Kaursingh, you're not focusing! There is a different between a refusal and refusal with PIC 2040. Ordinary s57 and a refusal won't be banned and can reapply again whereas s57 + PIC 2040 and a refusal will be banned from applying of any kind of visa. That's why most of us have advised you to withdraw your application.


----------



## ga2au (Aug 16, 2019)

Hamadeh said:


> Kaursingh said:
> 
> 
> > I don't think so. Lots of people got visa after so many refusal or s57
> ...


Its actually refused (first application), he did have a new application with a different occupation. And he thinks nothing will happen because its a "DIFFERENT" application. 🏻


----------



## Kaursingh (Jul 27, 2020)

thanks i understand. I will withdraw 
Hopefully it will not effect 491


----------



## Hamadeh (Jul 9, 2018)

Good! Yet, keep in mind if you claim points for past experience, it will affect your future 491 or any visa as long as you're claiming them from work experience.
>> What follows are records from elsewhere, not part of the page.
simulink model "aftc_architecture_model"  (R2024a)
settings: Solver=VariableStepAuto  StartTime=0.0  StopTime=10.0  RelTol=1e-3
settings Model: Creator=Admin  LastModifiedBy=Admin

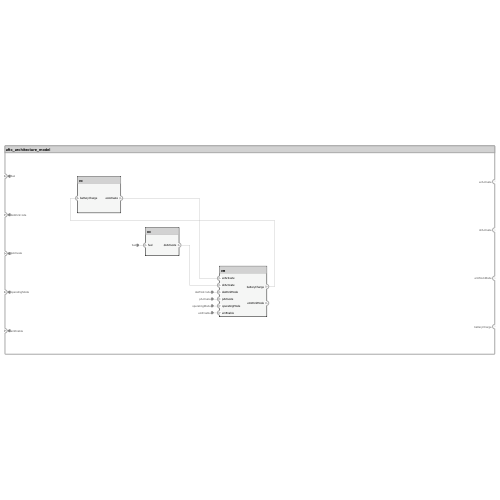
[thumbnail: Simulink's stored preview of the top-level diagram]
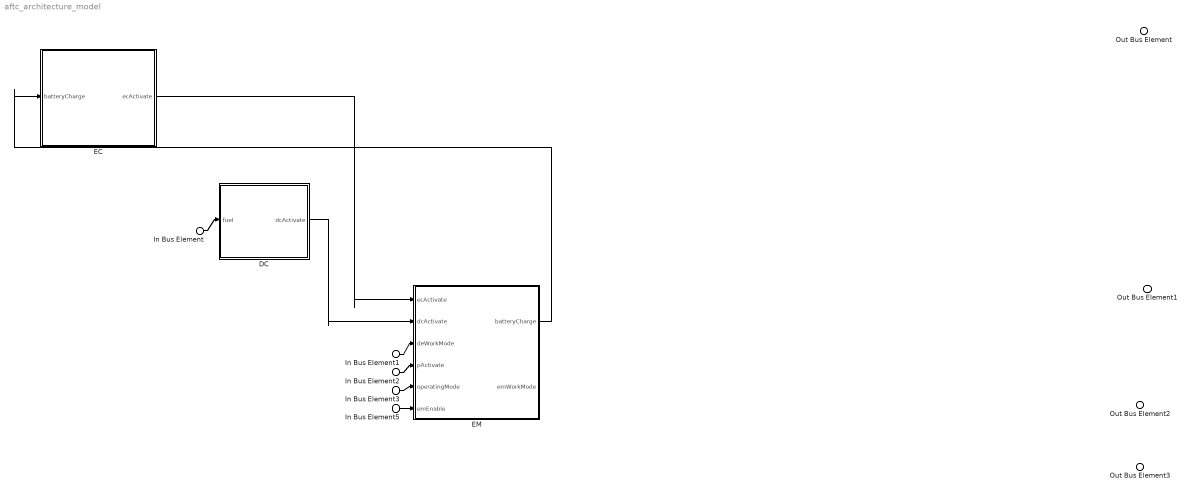
== system aftc_architecture_model ==
  In Bus Element : Inport  PortName=fuel
  In Bus Element1 : Inport  Port=2  PortName=deWork<ode
  In Bus Element2 : Inport  Port=3  PortName=pActivate
  In Bus Element3 : Inport  Port=4  PortName=operatingMode
  In Bus Element5 : Inport  Port=5  PortName=emEnable
  DC : Subsystem
      settings: PortSchema="{\"entries\":[{\"content\":{\"headerSize\":26,\"margin\":15,\"minimumSpacing\":25,\"sides\":[{\"content\":{\"connectorIds\":[\"In1\"]},\"type\":\"ConnectorPlacement.EquallySpacedRectSide\",\"uuid\":\"6cd64777-7118-4da3-a4e3-1f769f1ba9ff\"},{\"content\":{\"connectorIds\":[\"Out1\"],\"side\":\"RIGHT\"},\"type\":\"ConnectorPlacement.EquallySpacedRectSide\",\"uuid\":\"07320f2b-f593-407a-9be8-f5c69e458813\"},{\"content\":{\"side\":\"TOP\"},\"type\":\"ConnectorPlacement.EquallySpacedRectSide\",\"uuid\":\"3b066712-d361-493e-aaf9-f8d607354b36\"}]},\"type\":\"ConnectorPlacement.EquallySpacedConnector\",\"uuid\":\"26a06246-8dfb-4dbb-a982-17c9b4b0327d\"}],\"packageUris\":[\"http://schema.mathworks.com/mf0/Connector/R2020b\"],\"version\":\"1.0\"}"
  EC : Subsystem
      settings: PortSchema="{\"entries\":[{\"content\":{\"headerSize\":26,\"margin\":15,\"minimumSpacing\":25,\"sides\":[{\"content\":{\"connectorIds\":[\"In1\"]},\"type\":\"ConnectorPlacement.EquallySpacedRectSide\",\"uuid\":\"6cd64777-7118-4da3-a4e3-1f769f1ba9ff\"},{\"content\":{\"connectorIds\":[\"Out1\"],\"side\":\"RIGHT\"},\"type\":\"ConnectorPlacement.EquallySpacedRectSide\",\"uuid\":\"07320f2b-f593-407a-9be8-f5c69e458813\"},{\"content\":{\"side\":\"TOP\"},\"type\":\"ConnectorPlacement.EquallySpacedRectSide\",\"uuid\":\"3b066712-d361-493e-aaf9-f8d607354b36\"}]},\"type\":\"ConnectorPlacement.EquallySpacedConnector\",\"uuid\":\"26a06246-8dfb-4dbb-a982-17c9b4b0327d\"}],\"packageUris\":[\"http://schema.mathworks.com/mf0/Connector/R2020b\"],\"version\":\"1.0\"}"
  EM : Subsystem
      settings: PortSchema="{\"entries\":[{\"content\":{\"headerSize\":26,\"margin\":15,\"minimumSpacing\":25,\"sides\":[{\"content\":{\"connectorIds\":[\"In1\",\"In2\",\"In3\",\"In4\",\"In5\",\"In6\"]},\"type\":\"ConnectorPlacement.EquallySpacedRectSide\",\"uuid\":\"6cd64777-7118-4da3-a4e3-1f769f1ba9ff\"},{\"content\":{\"connectorIds\":[\"Out1\",\"Out2\"],\"side\":\"RIGHT\"},\"type\":\"ConnectorPlacement.EquallySpacedRectSide\",\"uuid\":\"07320f2b-f593-407a-9be8-f5c69e458813\"},{\"content\":{\"side\":\"TOP\"},\"type\":\"ConnectorPlacement.EquallySpacedRectSide\",\"uuid\":\"3b066712-d361-493e-aaf9-f8d607354b36\"}]},\"type\":\"ConnectorPlacement.EquallySpacedConnector\",\"uuid\":\"26a06246-8dfb-4dbb-a982-17c9b4b0327d\"}],\"packageUris\":[\"http://schema.mathworks.com/mf0/Connector/R2020b\"],\"version\":\"1.0\"}"
  Out Bus Element : Outport  PortName=ecActivate
  Out Bus Element1 : Outport  Port=2  PortName=dcActivate
  Out Bus Element2 : Outport  Port=3  PortName=emWorkMode
  Out Bus Element3 : Outport  Port=4  PortName=batteryCharge
  wires:
  In Bus Element/1 -> DC/1(fuel)
  EM/1(batteryCharge) -> EC/1(batteryCharge)
  In Bus Element1/1 -> EM/3(deWorkMode)
  In Bus Element2/1 -> EM/4(pActivate)
  In Bus Element3/1 -> EM/5(operatingMode)
  In Bus Element5/1 -> EM/6(emEnable)
  EC/1(ecActivate) -> EM/1(ecActivate)
  DC/1(dcActivate) -> EM/2(dcActivate)

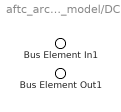
== system aftc_architecture_model/DC ==
  Bus Element In1 : Inport  PortName=fuel
  Bus Element Out1 : Outport  PortName=dcActivate

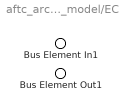
== system aftc_architecture_model/EC ==
  Bus Element In1 : Inport  PortName=batteryCharge
  Bus Element Out1 : Outport  PortName=ecActivate

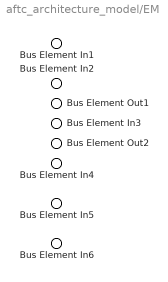
== system aftc_architecture_model/EM ==
  Bus Element In1 : Inport  PortName=ecActivate
  Bus Element In2 : Inport  Port=2  PortName=dcActivate
  Bus Element In3 : Inport  Port=3  PortName=deWorkMode
  Bus Element In4 : Inport  Port=4  PortName=pActivate
  Bus Element In5 : Inport  Port=5  PortName=operatingMode
  Bus Element In6 : Inport  Port=6  PortName=emEnable
  Bus Element Out1 : Outport  PortName=batteryCharge
  Bus Element Out2 : Outport  Port=2  PortName=emWorkMode

If I were you, I'd avoid claiming any work experience points and try to claim them from IELTS or PTE.


----------



## Kaursingh (Jul 27, 2020)

yes. I Will not even use same skill assessment


----------



## Sarahfrek (Jan 18, 2021)

Hi
I am in a similar boat. Did you apply for another Visa?


----------



## mustafa01 (Jan 29, 2017)

Sarahfrek said:


> Hi
> I am in a similar boat. Did you apply for another Visa?


The OP completely messed up and I think he does still does not understand the consequences of a refusal with S57-PIC4020.

What happened with your application and for what reason did you received s57?


----------